投稿日:2020年2月20日(木)
段々と暖かくなる気候。春の訪れを告げるものは花やウグイスの鳴き声だけではありませんね…今年は一段と花粉に鼻をやられています…。新型コロナウイルスの予防の為にもマスクはしっかりつけています、権禰宜の佐藤です。
さて、本日は伊勢神宮崇敬会発行の『みもすそ』93号(令和二年冬)より、特集「伊勢の伝統木工芸」を御紹介致します。
特集【伊勢の伝統木工芸】
豊かな自然と温暖な気候に恵まれた伊勢では、古くから神宮にゆかりある工芸品や民芸品が作られてきました。
とりわけ「木」を素材としたものが多く、宮大工が御造営の払い下げ材を使って始めたとされる伊勢一刀彫、朝熊山で採れる本黄楊を彫る伊勢根付、色鮮やかな伊勢玩具は、江戸時代から今日まで脈々と伝えられてきました。
今号では、伊勢近郊に工房を構える三名の職人をご紹介します。
〈宮大工の余技から生まれた大胆なノミ使いが魅力 伊勢一刀彫 太田結衣さん〉
のどかな里山を望む玉城町の一画。太田結衣さんの工房は、クスノキの芳香に包まれています。
伊勢に伝わる一刀彫は、神宮御造営に従事する宮大工が余技として端材で縁起物を刻んだのが起源と言われています。特徴は一度の刻みがそのまま仕上がり面になるような豪放で直線的な造形。神宮で頒布される「えと守」をはじめ、「神鶏」「代参犬」など神宮にちなむモチーフが好まれてきました。
太田さんが一刀彫の世界へ飛び込んだのは今から10年前。
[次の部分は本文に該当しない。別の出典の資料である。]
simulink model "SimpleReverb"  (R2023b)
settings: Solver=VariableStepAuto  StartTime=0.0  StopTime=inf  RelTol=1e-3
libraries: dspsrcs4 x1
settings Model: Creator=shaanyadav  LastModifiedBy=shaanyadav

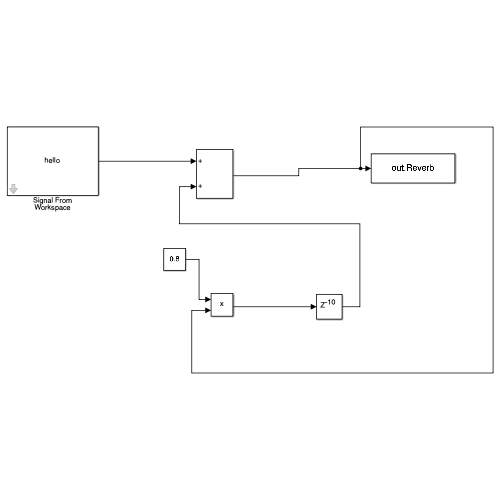
[thumbnail: Simulink's stored preview of the top-level diagram]
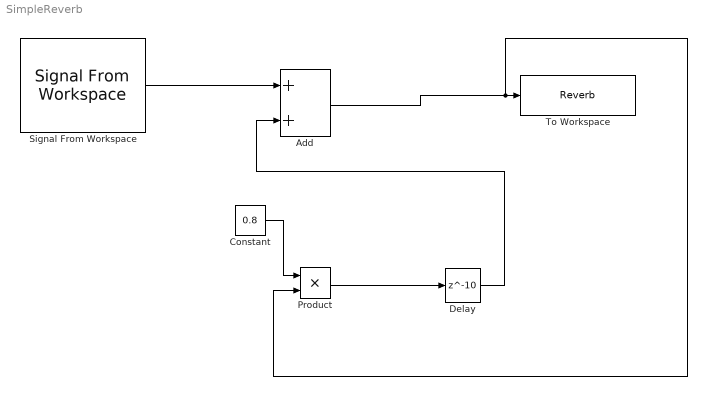
== system SimpleReverb ==
  Add : Sum
  Constant : Constant  Value=0.8
  Delay : Delay  DelayLength=10  InitialCondition=0
  Product : Product
  Signal From Workspace : dspsrcs4/Signal From Workspace  X=hello  Ts=1/8000  nsamps=64  OutputAfterFinalValue=Setting to zero  ignoreOrWarnInputAndFrameLengths=off  OutputFrames=off
  To Workspace : ToWorkspace  VariableName=Reverb  SampleTime=-1
      settings: Save2DSignal=2-D array (concatenate along first dimension)
  wires:
  Add/1 -> Product/2, To Workspace/1
  Delay/1 -> Add/2
  Signal From Workspace/1 -> Add/1
  Constant/1 -> Product/1
  Product/1 -> Delay/1
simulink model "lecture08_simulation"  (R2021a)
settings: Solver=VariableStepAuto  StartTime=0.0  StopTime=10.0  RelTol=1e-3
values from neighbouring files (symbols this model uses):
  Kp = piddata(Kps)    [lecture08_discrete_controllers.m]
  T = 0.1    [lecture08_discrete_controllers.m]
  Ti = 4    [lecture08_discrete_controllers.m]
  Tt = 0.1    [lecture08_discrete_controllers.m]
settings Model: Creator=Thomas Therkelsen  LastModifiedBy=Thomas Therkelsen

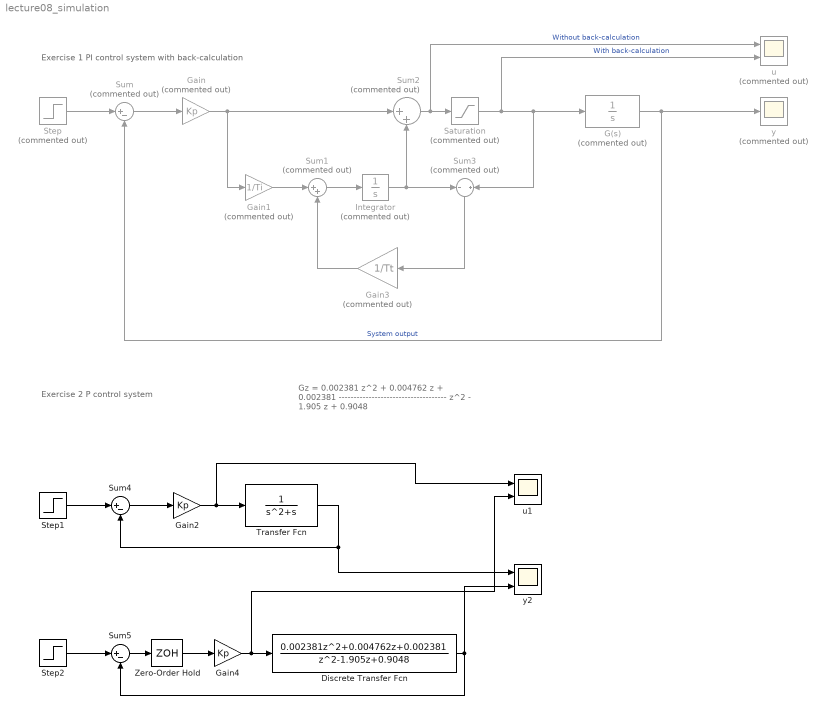
== system lecture08_simulation ==
  note: Gz =
      |
      |   0.002381 z^2 + 0.004762 z + 0.002381
      |   ------------------------------------
      |          z^2 - 1.905 z + 0.9048
  note: Exercise 1
      | PI control system with back-calculation
  note: Exercise 2
      | P control system
  Discrete Transfer Fcn : DiscreteTransferFcn  Numerator=[0.002381 0.004762 0.002381]  Denominator=[1 -1.905 0.9048]
  G(s) : TransferFcn  Commented=on  Denominator=[1 0]
  Gain : Gain  Commented=on  Gain=Kp
  Gain1 : Gain  Commented=on  Gain=1/Ti
  Gain2 : Gain  Gain=Kp
  Gain3 : Gain  Commented=on  Gain=1/Tt
  Gain4 : Gain  Gain=Kp
  Integrator : Integrator  Commented=on
  Saturation : Saturate  Commented=on  UpperLimit=1  LowerLimit=-1
  Step : Step  Commented=on  SampleTime=0
  Step1 : Step  SampleTime=0
  Step2 : Step  SampleTime=0
  Sum : Sum  Commented=on  Inputs=|+-
  Sum1 : Sum  Commented=on  Inputs=|++
  Sum2 : Sum  Commented=on  Inputs=|++
  Sum3 : Sum  Commented=on  Inputs=-||+
  Sum4 : Sum  Inputs=|+-
  Sum5 : Sum  Inputs=|+-
  Transfer Fcn : TransferFcn  Denominator=[1 1 0]
  Zero-Order Hold : ZeroOrderHold  SampleTime=T
  u : Scope  Commented=on  NumInputPorts=2
  u1 : Scope  NumInputPorts=2
  y : Scope  Commented=on
  y2 : Scope  NumInputPorts=2
  wires:
  Step/1 -> Sum/1
  Sum/1 -> Gain/1
  Gain/1 -> Sum2/1, Gain1/1
  Gain1/1 -> Sum1/1
  Sum1/1 -> Integrator/1
  Integrator/1 -> Sum3/1, Sum2/2
  Gain3/1 -> Sum1/2
  Sum2/1 -> u/1, Saturation/1  "Without back-calculation"
  Saturation/1 -> u/2, G(s)/1, Sum3/2  "With back-calculation"
  Sum3/1 -> Gain3/1
  G(s)/1 -> y/1, Sum/2  "System output"
  Gain2/1 -> u1/1, Transfer Fcn/1
  Step1/1 -> Sum4/1
  Sum4/1 -> Gain2/1
  Transfer Fcn/1 -> y2/1, Sum4/2
  Gain4/1 -> u1/2, Discrete Transfer Fcn/1
  Step2/1 -> Sum5/1
  Discrete Transfer Fcn/1 -> Sum5/2, y2/2
  Sum5/1 -> Zero-Order Hold/1
  Zero-Order Hold/1 -> Gain4/1

東京の美術大学の彫刻科を卒業後、岸川行輝氏に弟子入りしました。
「彫刻家として食べていける道を模索していた折に、神宮のえと守のことが頭に浮かびました。どこにも求人募集はなかったのですが、郷里の知人から師匠を紹介させて頂き、一年間工房に通わせて頂きました。」
伊勢一刀彫はクスが主材です。神宮えと守の場合は、神宮林から搬出された材を全国各地の職員さんたとがそれぞれの工房で彫ります。丸太を角材にひき、直方体に切ってから刻みの作業に移ります。太田さんは自作の型紙を木に当てて、削る際のガイドを書き写します。カッ、カッ、カッ……勢いのある刃音が工房に響きます。一刀彫は木目や刃痕を生かすのはみそ。大小さまざまなノミや彫刻刀を使って、全体は大胆に、顔や耳などは慎重に彫り勧めていきます。
「仕上げますね」
太田さんは小筆を手にすると、彫り上がったねずみに黒いアクリル絵具で目を入れ、続いて朱と金で彩色しました。神宮えと守は無彩色が基本ですが、縁起物として売られているものは少しお化粧するのだとか。
「神宮えと守は毎年、一流の彫刻家がデザインしたものを、各地の職人が年末に向けて彫っていきます。子供が生まれたこともあって、今年は神宮のえと守りは150体、全体では1800体に減らさせて頂きました。」
伊勢一刀彫はより多くの人に知ってもらいと、太田さんはオリジナルの商品も創作し、情報発信に努めています。近年、妹弟子と弟弟子が出来たことを嬉しそうに語ってくれた太田さん。伊勢一刀彫の伝統のたすきは、次世代にきちんと受け継がれていきそうです。